*Exercise prompt*: The required answer is a copy of each line in the entries below that includes "Flange".

── Entries supplied

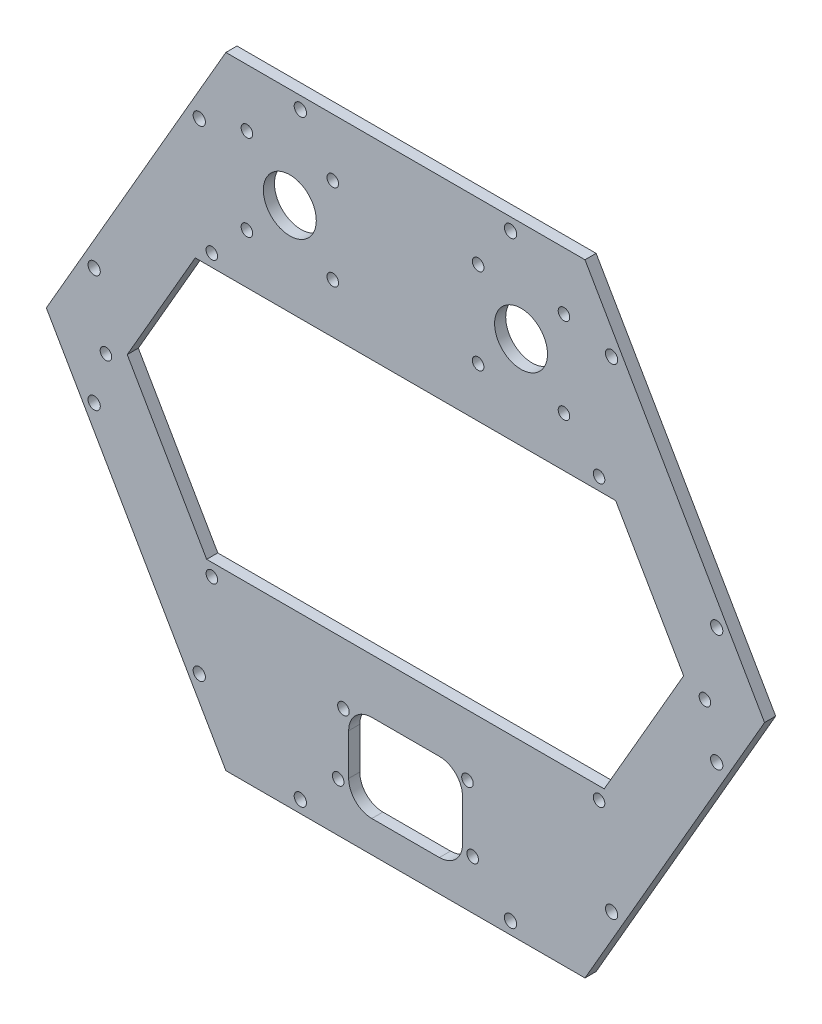
SolidWorks part; units mm, degrees
note: '?' marks a value the reader was unsure of. The reader was unsure of these and kept them because the rebuilt part matched: thickness of "Flange-base1", "Chapa metálica1", "Chapa metálica2", "Chapa metálica3", "Chapa metálica4", "Chapa metálica5", "Chapa metálica6", "Chapa metálica7", "Chapa metálica8".
ref_plane "Plano frontal" through (0, 0, 0) normal (0, 0, 1) x (1, 0, 0)
ref_plane "Plano superior" through (0, 0, 0) normal (0, 1, 0) x (1, 0, 0)
ref_plane "Plano direito" through (0, 0, 0) normal (1, 0, 0) x (0, 0, -1)
sketch "Esboço1" plane through (0, 0, 0) normal (0, 0, 1) x (1, 0, 0)
  line L0 (51.2514, 88.77) -> (102.5028, 0)
  line L5 (102.5028, 0) -> (51.2514, -88.77)
  line L6 (51.2514, -88.77) -> (-51.2514, -88.77)
  line L7 (-51.2514, -88.77) -> (-102.5028, 0)
  line L8 (-79.4088, 0) -> (-102.5028, 0) construction
  line L9 (79.4088, 0) -> (102.5028, 0) construction
  line L10 (-102.5028, 0) -> (-51.2514, 88.77)
  line L11 (-51.2514, 88.77) -> (51.2514, 88.77)
  line L12 (60, 33.617) -> (-60, 33.617)
  line L13 (-60, 33.617) -> (-79.4088, 0)
  line L14 (-79.4088, 0) -> (-56.7342, -39.2734)
  line L15 (-56.7342, -39.2734) -> (56.7342, -39.2734)
  line L16 (56.7342, -39.2734) -> (79.4088, 0)
  line L17 (79.4088, 0) -> (60, 33.617)
  line L18 (-51.2514, -88.77) -> (0, 0) construction
  line L19 (0, 0) -> (-102.5028, 0) construction
  line L20 (0, 0) -> (-51.2514, 88.77) construction
  line L21 (0, 0) -> (51.2514, 88.77) construction
  line L22 (0, 0) -> (102.5028, 0) construction
  line L23 (0, 0) -> (51.2514, -88.77) construction
  dimension "D1" = 102.5028
  dimension "D2" = 120
  dimension "D3" = 60
  dimension "D5" = 60
  dimension "D7" = 23.094
  dimension "D8" = 49.4966
base flange "Flange-base1" sketch "Esboço1" thickness 3.175 reverse thickness direction no parameters "D1"=0.7366
sketch "Esboço6" plane through (0, 0, 0) normal (0, 0, 1) x (1, 0, 0)
  line L0 (-16.2072, -73.17) -> (-16.2072, -61.37)
  line L1 (-9.6072, -54.77) -> (9.6928, -54.77)
  line L2 (16.2928, -61.37) -> (16.2928, -73.17)
  line L3 (9.6928, -79.77) -> (-9.6072, -79.77)
  line L4 (0, -88.77) -> (0, -54.77) construction
  line L5 (-51.2514, -88.77) -> (51.2514, -88.77) construction
  line L6 (-17.7, -56.67) -> (0, -56.67) construction
  line L7 (-19.2, -74.77) -> (0, -74.77) construction
  line L8 (0, -74.77) -> (19.2, -74.77) construction
  line L9 (0, -56.67) -> (17.7, -56.67) construction
  circle A2 centre (19.2, -74.77) radius 1.65
  circle A3 centre (17.7, -56.67) radius 1.65
  circle A4 centre (-17.7, -56.67) radius 1.65
  circle A5 centre (-19.2, -74.77) radius 1.65
  arc A8 (-9.6072, -79.77) -> (-16.2072, -73.17) centre (-9.6072, -73.17) cw
  arc A10 (-16.2072, -61.37) -> (-9.6072, -54.77) centre (-9.6072, -61.37) cw
  arc A12 (16.2928, -61.37) -> (9.6928, -54.77) centre (9.6928, -61.37) ccw
  arc A14 (9.6928, -79.77) -> (16.2928, -73.17) centre (9.6928, -73.17) ccw
  dimension "D8" = 6.6
  dimension "D1" = 25
  dimension "D2" = 32.5
  dimension "D3" = 17.7
  dimension "D4" = 19.2
  dimension "D5" = 18.1
  dimension "D6" = 9
  dimension "D7" = 5
extrude "Corte-extrusão1" cut sketch "Esboço6" against normal blind 10 contours L3 A14 L2 A12 L1 A10 L0 A8 | A4 | A3 | A2 | A5 normal cut yes
sketch "Esboço7" plane through (0, 0, 0) normal (0, 0, 1) x (1, 0, 0)
  line L0 (30, -85.27) -> (-30, -85.27) construction
  line L1 (-51.2514, -88.77) -> (51.2514, -88.77) construction
  line L2 (0, -85.27) -> (0, -88.77) construction
  circle A0 centre (-30, -85.27) radius 1.75
  circle A1 centre (30, -85.27) radius 1.75
  dimension "D2" = 60
  dimension "D3" = 3.5
  dimension "D1" = 3.5
extrude "Corte-extrusão2" cut sketch "Esboço7" against normal blind 10 normal cut yes
sketch "Esboço8" plane through (0, 0, 0) normal (0, 0, 1) x (1, 0, 0)
  circle A0 centre (-33, 60.0982) radius 7.555
  circle A1 centre (-20.75, 47.8482) radius 1.65
  dimension "D2" = 60.0982
  dimension "D3" = 15.1099
  dimension "D4" = 3.3
  dimension "D5" = 12.25
  dimension "D6" = 12.25
  dimension "D1" = 33
extrude "Corte-extrusão3" cut sketch "Esboço8" against normal blind 10 normal cut yes
pattern_circular "PadrãoCircular1" count 4 every 90 about axis through (-33, 60.0982, 0) along (0, 0, 1) of "Corte-extrusão3"
ref_axis "Eixo1" through (0, 0, -3.339) along (0, 0, 1)?
pattern_circular "PadrãoCircular2" count 6 over 360 about axis through (0, 0, 0) along (0, 0, 1) of "Corte-extrusão2"
mirror "Espelhar1" about plane through (0, 0, 0) normal (1, 0, 0) of "PadrãoCircular1", "Corte-extrusão3"
sketch "Esboço9" plane through (0, 0, 0) normal (0, 0, 1) x (1, 0, 0)
  circle A0 centre (-55.2577, 37.1718) radius 1.65
  circle A1 centre (-85.4808, -2.8282) radius 1.65
  circle A2 centre (85.4808, -2.8282) radius 1.65
  circle A3 centre (55.2577, 37.1718) radius 1.65
  circle A4 centre (55.2577, -42.8282) radius 1.65
  circle A5 centre (-55.2577, -42.8282) radius 1.65
  dimension "D1" = 3.3
extrude "Corte-extrusão4" cut sketch "Esboço9" against normal blind 10 normal cut yes
sketch "Esboço10" [suppressed] plane through (0, 0, 0) normal (0, 0, 1) x (1, 0, 0)
  line L0 (-51.2514, 88.77) -> (51.2514, 88.77)
  line L1 (51.2514, 88.77) -> (102.5028, 0)
  line L2 (102.5028, 0) -> (51.2514, -88.77)
  line L3 (51.2514, -88.77) -> (-51.2514, -88.77)
  line L4 (-51.2514, -88.77) -> (-102.5028, 0)
  line L5 (-102.5028, 0) -> (-51.2514, 88.77)
  line L6 (-127.0171, 0) -> (-63.5085, 110)
  line L7 (-63.5085, 110) -> (63.5085, 110)
  line L8 (63.5085, 110) -> (127.0171, 0)
  line L9 (127.0171, 0) -> (63.5085, -110)
  line L10 (63.5085, -110) -> (-63.5085, -110)
  line L11 (-63.5085, -110) -> (-127.0171, 0)
  line L12 (-102.5028, 0) -> (-127.0171, 0) construction
  line L13 (-51.2514, 88.77) -> (-63.5085, 110) construction
  line L14 (51.2514, -88.77) -> (63.5085, -110) construction
  line L15 (127.0171, 0) -> (102.5028, 0) construction
  line L16 (51.2514, 88.77) -> (63.5085, 110) construction
  line L17 (-51.2514, -88.77) -> (-63.5085, -110) construction
  line L18 (179.4678, 0) -> (-225.4204, 0) construction
  dimension "D1" = 220
extrude "Ressalto-extrusão1" [suppressed] add sketch "Esboço10" against normal blind 3.175 separate body
sketch "Curva-Linhas1" [suppressed] plane through (0, 0, 0) normal (0, 1, 0) x (1, 0, 0)
sketch "Caixa delimitadora1" [suppressed] plane through (0, 0, 0) normal (0, 1, 0) x (1, 0, 0)
sheet metal parameters "Chapa metálica1" thickness 3.175 parameters "D1"=0.7366, "D7"=3.18
flat pattern "Padrão-Plano1" [suppressed]
sketch "Curva-Linhas2" plane through (0, 0, 0) normal (0, 1, 0) x (1, 0, 0)
sketch3d "Caixa delimitadora2" [suppressed]
  line L0 (16.5481, -11.3149, 0) -> (-43.696, -11.3149, 0) construction
  line L1 (16.5481, 22.6297, 0) -> (-43.696, 22.6297, 0) construction
  line L2 (16.5481, -11.3149, 0) -> (16.5481, 22.6297, 0) construction
  line L3 (-43.696, -11.3149, 0) -> (-43.696, 22.6297, 0) construction
sheet metal parameters "Chapa metálica2" thickness 3.175 parameters "D1"=0.7366, "D7"=3.18
flat pattern "Padrão-Plano1"
sketch "Curva-Linhas2" plane through (0, 0, 0) normal (0, 1, 0) x (1, 0, 0)
sketch3d "Caixa delimitadora2" [suppressed]
  line L0 (-102.5028, -88.77, 0) -> (102.5028, -88.77, 0) construction
  line L1 (-102.5028, 88.77, 0) -> (102.5028, 88.77, 0) construction
  line L2 (-102.5028, -88.77, 0) -> (-102.5028, 88.77, 0) construction
  line L3 (102.5028, -88.77, 0) -> (102.5028, 88.77, 0) construction
sheet metal parameters "Chapa metálica3" thickness 3.175 parameters "D1"=0.7366, "D7"=3.18
flat pattern "Padrão-Plano1"
sketch "Curva-Linhas2" plane through (0, 0, 0) normal (0, 1, 0) x (1, 0, 0)
sketch3d "Caixa delimitadora2" [suppressed]
  line L0 (-102.5028, -88.77, 0) -> (102.5028, -88.77, 0) construction
  line L1 (-102.5028, 88.77, 0) -> (102.5028, 88.77, 0) construction
  line L2 (-102.5028, -88.77, 0) -> (-102.5028, 88.77, 0) construction
  line L3 (102.5028, -88.77, 0) -> (102.5028, 88.77, 0) construction
sheet metal parameters "Chapa metálica4" thickness 3.175 parameters "D1"=0.7366, "D7"=3.18
flat pattern "Padrão-Plano1"
sketch "Curva-Linhas2" plane through (0, 0, 0) normal (0, 1, 0) x (1, 0, 0)
sketch3d "Caixa delimitadora2" [suppressed]
  line L0 (-102.5028, -88.77, 0) -> (102.5028, -88.77, 0) construction
  line L1 (-102.5028, 88.77, 0) -> (102.5028, 88.77, 0) construction
  line L2 (-102.5028, -88.77, 0) -> (-102.5028, 88.77, 0) construction
  line L3 (102.5028, -88.77, 0) -> (102.5028, 88.77, 0) construction
sheet metal parameters "Chapa metálica5" thickness 3.175 parameters "D1"=0.7366, "D7"=3.18
flat pattern "Padrão-Plano1"
sketch "Curva-Linhas2" plane through (0, 0, 0) normal (0, 1, 0) x (1, 0, 0)
sketch3d "Caixa delimitadora2" [suppressed]
  line L0 (-102.5028, -88.77, 0) -> (102.5028, -88.77, 0) construction
  line L1 (-102.5028, 88.77, 0) -> (102.5028, 88.77, 0) construction
  line L2 (-102.5028, -88.77, 0) -> (-102.5028, 88.77, 0) construction
  line L3 (102.5028, -88.77, 0) -> (102.5028, 88.77, 0) construction
sheet metal parameters "Chapa metálica6" thickness 3.175 parameters "D1"=0.7366, "D7"=3.18
flat pattern "Padrão-Plano1"
sketch "Curva-Linhas2" plane through (0, 0, 0) normal (0, 1, 0) x (1, 0, 0)
sketch3d "Caixa delimitadora2" [suppressed]
  line L0 (-102.5028, -88.77, 0) -> (102.5028, -88.77, 0) construction
  line L1 (-102.5028, 88.77, 0) -> (102.5028, 88.77, 0) construction
  line L2 (-102.5028, -88.77, 0) -> (-102.5028, 88.77, 0) construction
  line L3 (102.5028, -88.77, 0) -> (102.5028, 88.77, 0) construction
sheet metal parameters "Chapa metálica7" thickness 3.175 parameters "D1"=0.7366, "D7"=3.18
flat pattern "Padrão-Plano1"
sketch "Curva-Linhas2" plane through (0, 0, 0) normal (0, 1, 0) x (1, 0, 0)
sketch3d "Caixa delimitadora2" [suppressed]
  line L0 (-102.5028, -88.77, 0) -> (102.5028, -88.77, 0) construction
  line L1 (-102.5028, 88.77, 0) -> (102.5028, 88.77, 0) construction
  line L2 (-102.5028, -88.77, 0) -> (-102.5028, 88.77, 0) construction
  line L3 (102.5028, -88.77, 0) -> (102.5028, 88.77, 0) construction
sheet metal parameters "Chapa metálica8" thickness 3.175 parameters "D1"=0.7366, "D7"=3.18
flat pattern "Padrão-Plano1"
sketch "Curva-Linhas2" plane through (0, 0, 0) normal (0, 1, 0) x (1, 0, 0)
sketch3d "Caixa delimitadora2" [suppressed]
  line L0 (-102.5028, -88.77, 0) -> (102.5028, -88.77, 0) construction
  line L1 (-102.5028, 88.77, 0) -> (102.5028, 88.77, 0) construction
  line L2 (-102.5028, -88.77, 0) -> (-102.5028, 88.77, 0) construction
  line L3 (102.5028, -88.77, 0) -> (102.5028, 88.77, 0) construction

────

*Exercise result*:
note: '?' marks a value the reader was unsure of. The reader was unsure of these and kept them because the rebuilt part matched: thickness of "Flange-base1", "Chapa metálica1", "Chapa metálica2", "Chapa metálica3", "Chapa metálica4", "Chapa metálica5", "Chapa metálica6", "Chapa metálica7", "Chapa metálica8".
base flange "Flange-base1" sketch "Esboço1" thickness 3.175 reverse thickness direction no parameters "D1"=0.7366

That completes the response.